## What the task requires
The lines needed are those below that contain the word "linetype"; copy each one.

## Material shown
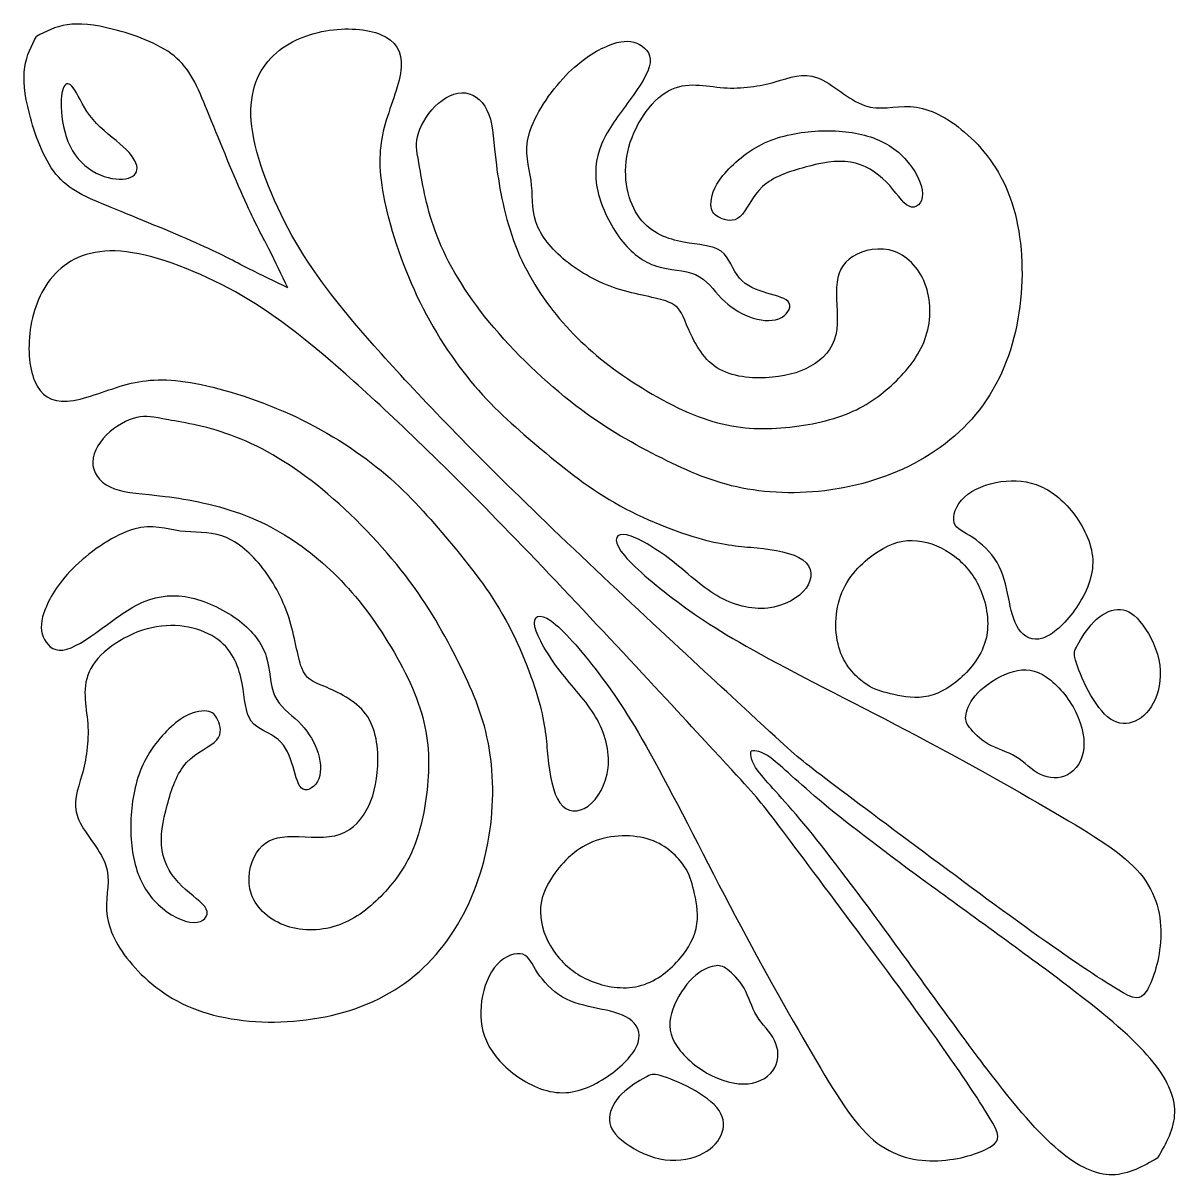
# Model space of a CAD drawing. Header units: millimetres. Extents: x 183 to 445, y 12 to 405.
# Drawn here: x 413.84 to 444.88, y 209.25 to 240.29 of the extents above; entities that cross this region are included whole.
import ezdxf

# ---------------------------------------------------------------- set-up
doc = ezdxf.new("R2010")
doc.units = ezdxf.units.MM
doc.layers.add('Default', color=7, linetype='Continuous')
doc.layers.add('DV1_Layer_1', color=7, linetype='Continuous')

# ---------------------------------------------------------------- blocks, each defined once
blk = doc.blocks.new('SE')
at = {"layer": 'DV1_Layer_1', "color": 7, "linetype": 'Continuous'}
for points, knots in [([(420.971, 233.159), (420.809, 233.502), (420.647, 233.844), (420.458, 234.213), (420.269, 234.583), (420.052, 234.979), (419.758, 235.64), (419.464, 236.3), (419.092, 237.225), (418.809, 237.916), (418.527, 238.606), (418.335, 239.063), (417.906, 239.408), (417.476, 239.753), (416.809, 239.988), (416.278, 240.123), (415.746, 240.258), (415.35, 240.294), (415.026, 240.246), (414.702, 240.198), (414.449, 240.066), (414.197, 239.934)], [0, 0, 0, 0, 0.125, 0.125, 0.125, 0.25, 0.25, 0.25, 0.375, 0.375, 0.375, 0.5, 0.5, 0.5, 0.625, 0.625, 0.625, 0.75, 0.75, 0.75, 1, 1, 1, 1]), ([(435.125, 220.19), (435.659, 219.777), (436.608, 219.069), (437.696, 218.258), (438.784, 217.448), (440.01, 216.534), (441.025, 215.807), (442.041, 215.08), (442.847, 214.539), (443.321, 214.256), (443.796, 213.974), (443.94, 213.95), (444.103, 214.196), (444.265, 214.443), (444.445, 214.96), (444.487, 215.531), (444.529, 216.102), (444.433, 216.726), (444.019, 217.273), (443.604, 217.82), (442.871, 218.289), (440.755, 219.539), (439.373, 220.32), (437.894, 221.102), (436.416, 221.883), (434.841, 222.664), (433.723, 223.278), (432.605, 223.891), (431.944, 224.335), (430.73, 225.261), (430.177, 225.742), (429.949, 226.066), (429.721, 226.391), (429.817, 226.559), (430.105, 226.499), (430.394, 226.439), (430.875, 226.15), (431.301, 225.82), (431.728, 225.489), (432.101, 225.116), (432.533, 224.864), (432.966, 224.612), (433.459, 224.479), (433.904, 224.527), (434.348, 224.576), (434.745, 224.804), (434.937, 225.069), (435.13, 225.333), (435.118, 225.633), (434.853, 225.826), (434.589, 226.018), (434.072, 226.102), (433.615, 226.15), (433.158, 226.198), (432.762, 226.21), (432.112, 226.391), (431.463, 226.571), (430.562, 226.92), (429.775, 227.37), (428.988, 227.821), (428.314, 228.374), (427.683, 228.909), (427.052, 229.444), (426.463, 229.961), (425.898, 230.646), (425.333, 231.331), (424.792, 232.184), (424.372, 233.11), (423.951, 234.036), (423.65, 235.033), (423.524, 235.785), (423.398, 236.536), (423.446, 237.04), (423.596, 237.576), (423.747, 238.11), (423.999, 238.675), (424.029, 239.102), (424.059, 239.529), (423.867, 239.817), (423.488, 239.98), (423.11, 240.142), (422.545, 240.178), (421.992, 240.082), (421.439, 239.985), (420.898, 239.757), (420.513, 239.349), (420.129, 238.94), (419.9, 238.351), (420.002, 237.503), (420.105, 236.656), (420.537, 235.55), (421.631, 233.591), (422.292, 232.737), (423.302, 231.595), (424.312, 230.453), (425.67, 229.023), (427.57, 227.183), (429.47, 225.343), (431.912, 223.093), (433.192, 221.908), (434.473, 220.724), (434.591, 220.604), (435.125, 220.19)], [0, 0, 0, 0, 0.027778, 0.027778, 0.027778, 0.055556, 0.055556, 0.055556, 0.083333, 0.083333, 0.083333, 0.111111, 0.111111, 0.111111, 0.138889, 0.138889, 0.138889, 0.166667, 0.166667, 0.166667, 0.194444, 0.194444, 0.222222, 0.222222, 0.222222, 0.25, 0.25, 0.25, 0.277778, 0.277778, 0.305556, 0.305556, 0.305556, 0.333333, 0.333333, 0.333333, 0.361111, 0.361111, 0.361111, 0.388889, 0.388889, 0.388889, 0.416667, 0.416667, 0.416667, 0.444444, 0.444444, 0.444444, 0.472222, 0.472222, 0.472222, 0.5, 0.5, 0.5, 0.527778, 0.527778, 0.527778, 0.555556, 0.555556, 0.555556, 0.583333, 0.583333, 0.583333, 0.611111, 0.611111, 0.611111, 0.638889, 0.638889, 0.638889, 0.666667, 0.666667, 0.666667, 0.694444, 0.694444, 0.694444, 0.722222, 0.722222, 0.722222, 0.75, 0.75, 0.75, 0.777778, 0.777778, 0.777778, 0.805556, 0.805556, 0.805556, 0.833333, 0.833333, 0.833333, 0.861111, 0.861111, 0.888889, 0.888889, 0.888889, 0.916667, 0.916667, 0.916667, 0.944444, 0.944444, 0.944444, 1, 1, 1, 1]), ([(420.971, 233.159), (420.629, 233.322), (420.287, 233.484), (419.917, 233.673), (419.548, 233.862), (419.152, 234.078), (418.491, 234.372), (417.83, 234.667), (416.905, 235.039), (416.215, 235.321), (415.524, 235.604), (415.068, 235.796), (414.723, 236.225), (414.377, 236.655), (414.143, 237.321), (414.008, 237.853), (413.873, 238.384), (413.837, 238.78), (413.885, 239.105), (413.933, 239.429), (414.065, 239.682), (414.197, 239.934)], [0, 0, 0, 0, 0.125, 0.125, 0.125, 0.25, 0.25, 0.25, 0.375, 0.375, 0.375, 0.5, 0.5, 0.5, 0.625, 0.625, 0.625, 0.75, 0.75, 0.75, 1, 1, 1, 1]), ([(424.53, 236.375), (424.605, 235.952), (424.707, 235.285), (424.992, 234.555), (425.278, 233.826), (425.746, 233.033), (427.067, 231.424), (427.92, 230.607), (428.737, 229.982), (429.554, 229.358), (430.334, 228.925), (431.055, 228.565), (431.776, 228.205), (433.097, 227.628), (434.887, 227.592), (435.773, 227.739), (436.658, 227.886), (437.535, 228.199), (438.28, 228.673), (439.024, 229.147), (439.637, 229.784), (440.055, 230.562), (440.472, 231.339), (440.694, 232.258), (440.745, 233.174), (440.796, 234.09), (440.676, 235.003), (440.376, 235.742), (440.076, 236.481), (439.595, 237.045), (439.121, 237.429), (438.646, 237.814), (438.178, 238.018), (437.748, 238.045), (437.319, 238.072), (436.929, 237.922), (436.508, 238.072), (436.087, 238.221), (435.636, 238.671), (435.242, 238.821), (434.847, 238.971), (434.51, 238.822), (434.101, 238.708), (433.692, 238.594), (433.211, 238.514), (432.717, 238.551), (432.223, 238.587), (431.716, 238.738), (431.23, 238.468), (430.745, 238.198), (430.281, 237.508), (430.131, 236.823), (429.98, 236.138), (430.142, 235.459), (430.451, 235.042), (430.761, 234.625), (431.217, 234.469), (431.632, 234.39), (432.046, 234.312), (432.418, 234.312), (432.875, 233.976), (432.959, 233.64), (433.142, 233.421), (433.325, 233.201), (433.608, 233.099), (433.881, 233.018), (434.154, 232.937), (434.418, 232.877), (434.484, 232.745), (434.55, 232.613), (434.418, 232.408), (434.202, 232.324), (433.986, 232.24), (433.686, 232.276), (433.409, 232.379), (433.133, 232.481), (432.881, 232.649), (432.661, 232.874), (432.442, 233.099), (432.256, 233.381), (431.962, 233.514), (431.668, 233.646), (431.265, 233.628), (430.905, 233.742), (430.545, 233.856), (430.226, 234.102), (429.947, 234.465), (429.668, 234.829), (429.427, 235.309), (429.325, 235.76), (429.223, 236.21), (429.259, 236.631), (429.427, 237.033), (429.596, 237.435), (429.896, 237.82), (430.172, 238.198), (430.449, 238.576), (430.701, 238.949), (430.734, 239.222), (430.767, 239.495), (430.581, 239.669), (430.166, 239.832), (429.938, 239.82), (429.617, 239.69), (429.295, 239.561), (428.881, 239.315), (428.461, 238.877), (428.04, 238.438), (427.614, 237.808), (427.473, 237.306), (427.332, 236.805), (427.476, 236.432), (427.527, 236.057), (427.578, 235.682), (427.536, 235.303), (427.659, 234.934), (427.782, 234.565), (428.07, 234.204), (428.845, 233.574), (429.331, 233.303), (429.848, 233.135), (430.364, 232.967), (430.911, 232.901), (431.214, 232.784), (431.517, 232.667), (431.578, 232.499), (431.719, 232.165), (431.86, 231.832), (432.082, 231.333), (432.463, 231.054), (432.845, 230.775), (433.385, 230.715), (433.857, 230.736), (434.328, 230.757), (434.73, 230.859), (435.061, 231.045), (435.391, 231.231), (435.649, 231.502), (435.824, 232.276), (435.739, 232.781), (435.761, 233.168), (435.782, 233.556), (435.907, 233.826), (436.196, 234.006), (436.484, 234.186), (436.935, 234.276), (437.319, 234.138), (437.703, 234), (438.022, 233.634), (438.172, 233.189), (438.322, 232.745), (438.304, 232.222), (438.139, 231.769), (437.974, 231.316), (437.661, 230.931), (437.304, 230.592), (436.947, 230.252), (436.544, 229.958), (436.004, 229.748), (435.463, 229.538), (434.785, 229.412), (434.136, 229.376), (433.487, 229.34), (432.869, 229.394), (432.163, 229.643), (431.457, 229.892), (430.665, 230.337), (429.995, 230.802), (429.325, 231.267), (428.779, 231.754), (427.812, 232.901), (427.391, 233.562), (427.106, 234.297), (426.821, 235.033), (426.671, 235.844), (426.515, 237.081), (426.509, 237.507), (426.389, 237.832), (426.268, 238.156), (425.8, 238.6), (425.175, 238.288), (424.935, 238.048), (424.695, 237.808), (424.527, 237.483), (424.467, 237.231), (424.407, 236.979), (424.455, 236.799), (424.53, 236.375)], [0, 0, 0, 0, 0.014925, 0.014925, 0.014925, 0.029851, 0.029851, 0.044776, 0.044776, 0.044776, 0.059701, 0.059701, 0.059701, 0.074627, 0.089552, 0.089552, 0.089552, 0.104478, 0.104478, 0.104478, 0.119403, 0.119403, 0.119403, 0.134328, 0.134328, 0.134328, 0.149254, 0.149254, 0.149254, 0.164179, 0.164179, 0.164179, 0.179104, 0.179104, 0.179104, 0.19403, 0.19403, 0.19403, 0.208955, 0.208955, 0.208955, 0.223881, 0.223881, 0.223881, 0.238806, 0.238806, 0.238806, 0.253731, 0.253731, 0.253731, 0.268657, 0.268657, 0.268657, 0.283582, 0.283582, 0.283582, 0.298507, 0.298507, 0.298507, 0.313433, 0.313433, 0.328358, 0.328358, 0.328358, 0.343284, 0.343284, 0.343284, 0.358209, 0.358209, 0.358209, 0.373134, 0.373134, 0.373134, 0.38806, 0.38806, 0.38806, 0.402985, 0.402985, 0.402985, 0.41791, 0.41791, 0.41791, 0.432836, 0.432836, 0.432836, 0.447761, 0.447761, 0.447761, 0.462687, 0.462687, 0.462687, 0.477612, 0.477612, 0.477612, 0.492537, 0.492537, 0.492537, 0.507463, 0.507463, 0.507463, 0.522388, 0.522388, 0.537313, 0.537313, 0.537313, 0.552239, 0.552239, 0.552239, 0.567164, 0.567164, 0.567164, 0.58209, 0.58209, 0.58209, 0.597015, 0.597015, 0.597015, 0.61194, 0.61194, 0.626866, 0.626866, 0.626866, 0.641791, 0.641791, 0.641791, 0.656716, 0.656716, 0.656716, 0.671642, 0.671642, 0.671642, 0.686567, 0.686567, 0.686567, 0.701493, 0.701493, 0.701493, 0.716418, 0.716418, 0.731343, 0.731343, 0.731343, 0.746269, 0.746269, 0.746269, 0.761194, 0.761194, 0.761194, 0.776119, 0.776119, 0.776119, 0.791045, 0.791045, 0.791045, 0.80597, 0.80597, 0.80597, 0.820896, 0.820896, 0.820896, 0.835821, 0.835821, 0.835821, 0.850746, 0.850746, 0.850746, 0.865672, 0.865672, 0.865672, 0.880597, 0.880597, 0.895522, 0.895522, 0.895522, 0.910448, 0.910448, 0.925373, 0.925373, 0.925373, 0.940299, 0.955224, 0.955224, 0.955224, 0.970149, 0.970149, 0.970149, 1, 1, 1, 1]), ([(415.23, 238.486), (415.344, 238.306), (415.482, 237.976), (415.722, 237.694), (415.963, 237.411), (416.305, 237.177), (416.773, 236.745), (416.899, 236.547), (416.908, 236.393), (416.917, 236.24), (416.809, 236.132), (416.602, 236.099), (416.395, 236.066), (416.089, 236.108), (415.806, 236.252), (415.524, 236.396), (415.266, 236.643), (414.942, 237.303), (414.876, 237.718), (414.864, 238.024), (414.852, 238.33), (414.894, 238.528), (414.96, 238.612), (415.026, 238.696), (415.116, 238.667), (415.23, 238.486)], [0, 0, 0, 0, 0.1, 0.1, 0.1, 0.2, 0.2, 0.3, 0.3, 0.3, 0.4, 0.4, 0.4, 0.5, 0.5, 0.5, 0.6, 0.6, 0.7, 0.7, 0.7, 0.8, 0.8, 0.8, 1, 1, 1, 1]), ([(432.623, 235.045), (432.767, 234.978), (432.978, 234.915), (433.155, 235.075), (433.333, 235.236), (433.476, 235.621), (433.764, 235.886), (434.052, 236.15), (434.484, 236.294), (435.337, 236.523), (435.757, 236.607), (436.134, 236.544), (436.51, 236.482), (436.843, 236.274), (437.098, 236.013), (437.353, 235.752), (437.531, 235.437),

## Exercise answer
doc.layers.add('Default', color=7, linetype='Continuous')
doc.layers.add('DV1_Layer_1', color=7, linetype='Continuous')
at = {"layer": 'DV1_Layer_1', "color": 7, "linetype": 'Continuous'}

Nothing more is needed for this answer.